Well...Cleveland Amory, a fine writer and a great American, maintained that women can’t be curmudgeons. Out of respect for his views on this subject, as a quintessential curmudgeon, I will not claim that novels like What’s Bred in the Bone are helping me develop toward being a curmudgeon. I will say that, along with my inner children and inner sages and all the other trendy denizens of my psyche, I have an inner curmudgeon. Sometimes he is loud.

Robertson Davies had an inner curmudgeon too. Possibly that’s why I’ve enjoyed his short nonfiction so much. Definitely it’s at least partly a defect in me that I didn’t enjoy What’s Bred in the Bone, the first and last Davies novel I’ve read. Davies’ inner curmudgeon had no objection to Peeping Tommery. Mine has. And unfortunately this novel is mostly about people’s dirty little secrets.

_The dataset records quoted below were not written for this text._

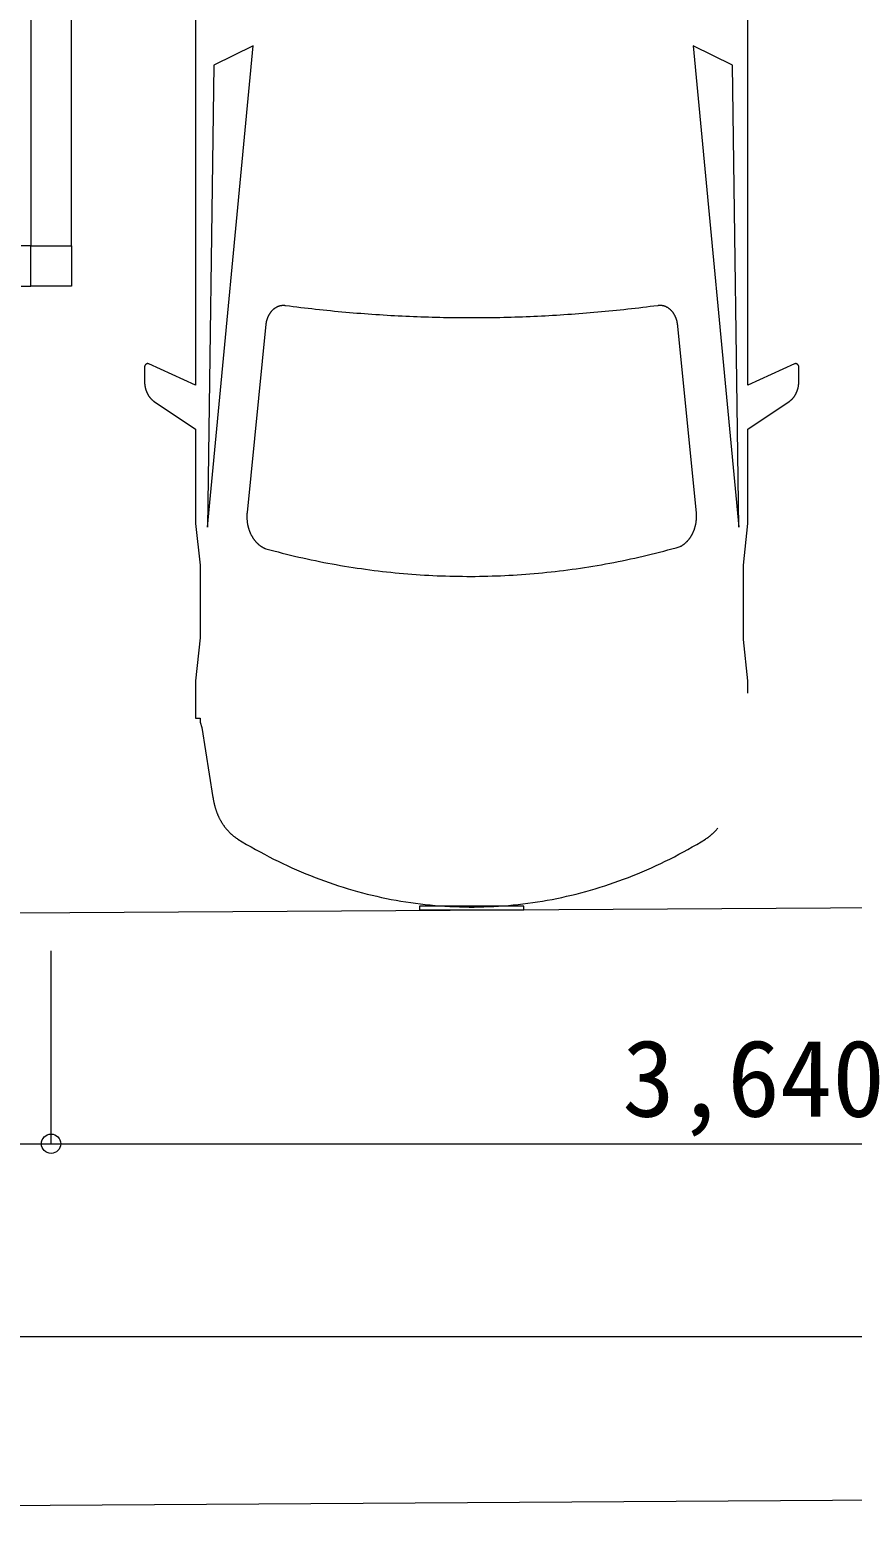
# Model space of a CAD drawing. Header units: millimetres. Extents: x 10 to 410, y 10 to 287.
# Drawn here: x 126.85 to 148.15, y 113.04 to 151.72 of the extents above; entities that cross this region are included whole.
import ezdxf
from ezdxf.enums import TextEntityAlignment as Align
from ezdxf.lldxf.tags import DXFTag

# ---------------------------------------------------------------- set-up
doc = ezdxf.new("R2010")
doc.units = ezdxf.units.MM
doc.layers.add('LAYER6', color=252, linetype='Continuous')
doc.styles.add('ＭＳ ゴシック', font='msgothic.ttc')
tags = doc.linetypes.add('chain', pattern=[18.5, 12, -1.5, 3.5, -1.5]).pattern_tags.tags
tags[10:11] = [DXFTag(74, 4), DXFTag(75, 0), DXFTag(340, '0'), DXFTag(46, 1.0), DXFTag(50, 0.0), DXFTag(44, 0.0), DXFTag(45, 0.0)]
tags[8:9] = [DXFTag(74, 4), DXFTag(75, 0), DXFTag(340, '0'), DXFTag(46, 1.0), DXFTag(50, 0.0), DXFTag(44, 0.0), DXFTag(45, 0.0)]
tags[6:7] = [DXFTag(74, 4), DXFTag(75, 0), DXFTag(340, '0'), DXFTag(46, 1.0), DXFTag(50, 0.0), DXFTag(44, 0.0), DXFTag(45, 0.0)]
tags[4:5] = [DXFTag(74, 4), DXFTag(75, 0), DXFTag(340, '0'), DXFTag(46, 1.0), DXFTag(50, 0.0), DXFTag(44, 0.0), DXFTag(45, 0.0)]

# ---------------------------------------------------------------- blocks, each defined once
blk = doc.blocks.new('FcPack%d0')
at = {"layer": 'LAYER6', "color": 1, "linetype": 'Continuous', "lineweight": 13}
for p, q in [((-5.223, 14.575), (-5.223, -6.007)), ((9.086, -6.007), (9.086, 14.575)), ((-4.909, -9.688), (-3.726, 2.785)), ((-3.726, 2.785), (-4.747, 2.285)), ((7.667, 2.785), (8.85, -9.688)), ((8.688, 2.285), (7.667, 2.785)), ((-4.747, 2.285), (-4.909, -9.688)), ((8.85, -9.688), (8.688, 2.285)), ((-3.351, -4.246), (-3.355, -4.255)), ((-3.347, -4.237), (-3.351, -4.246)), ((-3.343, -4.229), (-3.347, -4.237)), ((-3.339, -4.221), (-3.343, -4.229)), ((-3.335, -4.212), (-3.339, -4.221)), ((-3.331, -4.204), (-3.335, -4.212)), ((-3.327, -4.196), (-3.331, -4.204)), ((-3.322, -4.188), (-3.327, -4.196)), ((-3.318, -4.18), (-3.322, -4.188)), ((-3.313, -4.172), (-3.318, -4.18)), ((-3.308, -4.165), (-3.313, -4.172)), ((-3.303, -4.157), (-3.308, -4.165)), ((-3.298, -4.15), (-3.303, -4.157)), ((-3.293, -4.142), (-3.298, -4.15)), ((-3.288, -4.135), (-3.293, -4.142)), ((-3.283, -4.128), (-3.288, -4.135)), ((-3.278, -4.121), (-3.283, -4.128)), ((-3.272, -4.114), (-3.278, -4.121)), ((-3.266, -4.107), (-3.272, -4.114)), ((-3.261, -4.1), (-3.266, -4.107)), ((-3.255, -4.094), (-3.261, -4.1)), ((-3.249, -4.087), (-3.255, -4.094)), ((-3.243, -4.081), (-3.249, -4.087)), ((-3.237, -4.075), (-3.243, -4.081)), ((-3.231, -4.068), (-3.237, -4.075)), ((-3.225, -4.063), (-3.231, -4.068)), ((-3.219, -4.057), (-3.225, -4.063)), ((-3.213, -4.051), (-3.219, -4.057)), ((-3.206, -4.045), (-3.213, -4.051)), ((-3.2, -4.04), (-3.206, -4.045)), ((-3.193, -4.035), (-3.2, -4.04)), ((-3.187, -4.03), (-3.193, -4.035)), ((-3.18, -4.025), (-3.187, -4.03)), ((-3.173, -4.02), (-3.18, -4.025)), ((-3.166, -4.015), (-3.173, -4.02)), ((-3.159, -4.011), (-3.166, -4.015)), ((-3.152, -4.006), (-3.159, -4.011)), ((-3.145, -4.002), (-3.152, -4.006)), ((-3.138, -3.998), (-3.145, -4.002)), ((-3.131, -3.994), (-3.138, -3.998)), ((-3.124, -3.99), (-3.131, -3.994)), ((-3.117, -3.986), (-3.124, -3.99)), ((-3.11, -3.983), (-3.117, -3.986)), ((-3.102, -3.979), (-3.11, -3.983)), ((-3.095, -3.976), (-3.102, -3.979)), ((-3.088, -3.973), (-3.095, -3.976)), ((-3.08, -3.97), (-3.088, -3.973)), ((-3.073, -3.968), (-3.08, -3.97)), ((-3.065, -3.965), (-3.073, -3.968)), ((-3.058, -3.963), (-3.065, -3.965)), ((-3.05, -3.96), (-3.058, -3.963)), ((-3.042, -3.958), (-3.05, -3.96)), ((-3.035, -3.957), (-3.042, -3.958)), ((-3.027, -3.955), (-3.035, -3.957)), ((-3.019, -3.953), (-3.027, -3.955)), ((-3.012, -3.952), (-3.019, -3.953)), ((-3.004, -3.95), (-3.012, -3.952)), ((-2.996, -3.949), (-3.004, -3.95)), ((-2.989, -3.948), (-2.996, -3.949)), ((-2.981, -3.948), (-2.989, -3.948)), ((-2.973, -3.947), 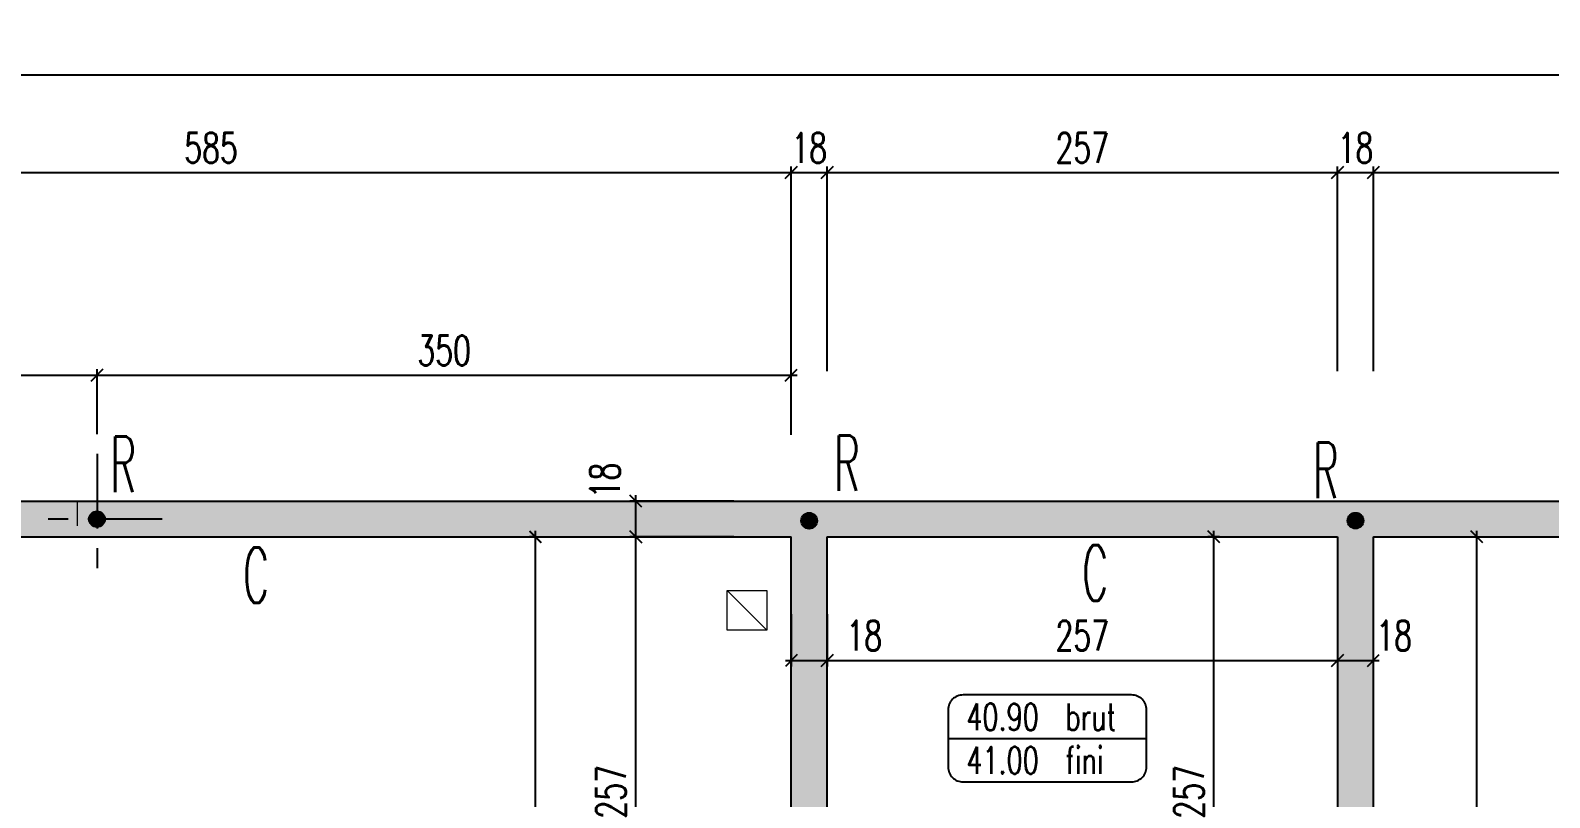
# Model space of a CAD drawing. Extents: x 308 to 787, y -199 to -146.
# Drawn here: x 413.15 to 420.81, y -168.57 to -164.7 of the extents above; entities that cross this region are included whole.
import ezdxf

# ---------------------------------------------------------------- set-up
doc = ezdxf.new("R2010")
doc.units = 0
doc.header["$LTSCALE"] = 0.5
doc.header["$MEASUREMENT"] = 0
for name, pattern in [('AXES2', [1.125, 0.75, -0.125, 0.125, -0.125]), ('CACHE', [0.375, 0.25, -0.125]), ('CONTINU', [0]), ('DISCONTINU2', [0.375, 0.25, -0.125])]:
    doc.linetypes.add(name, pattern=pattern)
doc.layers.get('0').update_dxf_attribs({"linetype": 'CONTINUOUS'})
doc.layers.get('DEFPOINTS').update_dxf_attribs({"linetype": 'CONTINUOUS'})
doc.layers.add('00 - RESERVATIONS SPEC Plombier', color=90, linetype='CONTINUOUS', lineweight=20)
for name, color, linetype in [('_ SERTI RESERVATION', 210, 'CACHE'), ('AXES', 6, 'AXES2'), ('COTATION', 7, 'CONTINUOUS'), ('HABILLAGE', 7, 'CONTINUOUS'), ('MURS', 3, 'CONTINUOUS'), ('POCHAGE', 254, 'CONTINUOUS'), ('RAID', 1, 'CONTINUOUS'), ('RDC', 7, 'DISCONTINU2'), ('REPERE-CHAI', 4, 'CONTINUOUS'), ('REPERE-RAID', 4, 'CONTINUOUS')]:
    doc.layers.add(name, color=color, linetype=linetype)
doc.styles.add('ROMANS8', font='romans.shx', dxfattribs={"width": 0.7})
doc.styles.get("Standard").update_dxf_attribs({"font": 'txt.shx'})
doc.dimstyles.new('COT50 cm', dxfattribs={"dimtxt": 0.15, "dimasz": 0.06, "dimexe": 0.03, "dimexo": 0.1, "dimgap": 0.05, "dimtad": 1, "dimdec": 0, "dimlfac": 100, "dimzin": 0, "dimdsep": 46, "dimtxsty": 'ROMANS8', "dimblk1": 'OBLIQUE', "dimblk2": 'OBLIQUE', "dimsah": 1, "dimcen": 0.03, "dimdle": 0.03, "dimclrt": 1, "dimadec": 0, "dimazin": 0, "dimtfac": 1, "dimtdec": 0, "dimtmove": 0, "dimatfit": 3, "dimfxl": 0, "dimtolj": 1, "dimtzin": 0, "dimlwd": -1, "dimlwe": -1, "dimarcsym": 0})

# ---------------------------------------------------------------- blocks, each defined once
blk = doc.blocks.new('139')
at = {"layer": 'HABILLAGE', "color": 7}
blk.add_line((-0.665, 0), (0.665, 0), dxfattribs=at)
at = {"layer": 'HABILLAGE'}
blk.add_lwpolyline([(-0.565, -0.291), (0.565, -0.291, 0.414214), (0.665, -0.191), (0.665, 0.191, 0.414214), (0.565, 0.291), (-0.565, 0.291, 0.414214), (-0.665, 0.191), (-0.665, -0.191, 0.414214)], format="xyb", close=True, dxfattribs=at)
at = {"layer": 'HABILLAGE', "color": 1, "width": 0.7}
for s, p in [('brut', (0.121, 0.054)), ('fini', (0.121, -0.237))]:
    blk.add_text(s, height=0.18, dxfattribs=at).set_placement(p)
for tag, p in [('NIVBRUT', (-0.543, 0.054)), ('NIVFINI', (-0.543, -0.237))]:
    blk.add_attdef(tag, p, '', height=0.18, dxfattribs=at)
blk = doc.blocks.new('_Oblique')
at = {"layer": 'COTATION', "color": 0, "lineweight": -2}
blk.add_line((-0.5, -0.5), (0.5, 0.5), dxfattribs=at)
blk = doc.blocks.new('*D69')
at = {"layer": 'COTATION', "color": 0, "transparency": 16777216}
for p, q in [((411.1097, -165.4155), (417.0192, -165.4155)), ((411.1397, -166.4155), (411.1397, -165.3855)), ((416.9892, -166.4155), (416.9892, -165.3855))]:
    blk.add_line(p, q, dxfattribs=at)
at = {"layer": 'DEFPOINTS', "color": 0, "transparency": 16777216}
for p in [(416.9892, -165.4155), (411.1397, -166.5596), (416.9892, -167.0713)]:
    blk.add_point(p, dxfattribs=at)
at = {"layer": 'COTATION', "color": 0, "transparency": 16777216, "xscale": 0.06, "yscale": 0.06, "zscale": 0.06, "rotation": 180}
blk.add_blockref('_Oblique', (411.1397, -165.4155), dxfattribs=at)
at = {"layer": 'COTATION', "color": 0, "transparency": 16777216, "xscale": 0.06, "yscale": 0.06, "zscale": 0.06}
blk.add_blockref('_Oblique', (416.9892, -165.4155), dxfattribs=at)
at = {"layer": 'COTATION', "color": 1, "transparency": 16777216, "insert": (414.0644, -165.2905), "char_height": 0.15, "attachment_point": 5, "style": 'ROMANS8'}
blk.add_mtext('\\A1;585', dxfattribs=at)
blk = doc.blocks.new('*D70')
at = {"layer": 'COTATION', "color": 0, "transparency": 16777216}
for p, q in [((416.9592, -165.4155), (417.1997, -165.4155)), ((416.9892, -166.4155), (416.9892, -165.3855)), ((417.1697, -166.4155), (417.1697, -165.3855))]:
    blk.add_line(p, q, dxfattribs=at)
at = {"layer": 'DEFPOINTS', "color": 0, "transparency": 16777216}
for p in [(417.1697, -165.4155), (416.9892, -167.0713), (417.1697, -167.0713)]:
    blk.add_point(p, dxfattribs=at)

When it’s not, What’s Bred in the Bone does contain the kind of felicities to which Davies rose in his short essays. Fun facts float out like bread on the waters: “The name of the Recording Angel was Raduriel...the Angel of Biography, and his name was the Lesser Zadkiel.” Clever phrases bubble up: “lettuce-juice words like ‘extra-terrestrial,’” “a drunken detrimental called Old Billy,” “a man who knew his place, but also knew his worth.” We can hear the Liszt rhapsody performed at “pell-mell speed,” see the schoolboys drawing and shellacking silly faces on their raincoats, feel Frank’s admiration for a cousin who “was a Terror, even among the Chegwidden lunatics.” For sheer word-smithcraft, I agree, Davies deserved the fame he enjoyed. I merely prefer his craft dedicated to fun facts, literary criticism, and parodies rather than continually twitching shower curtains and giggling at the back views of people.

If you don’t agree, you may have remembered by now that Davies was Canada’s best known writer during the years before Atwood and Gibson teamed up. No doubt at least we can agree that, some of the time, he deserved his reputation. If you like wit and literacy mixed with smut, this book is for you.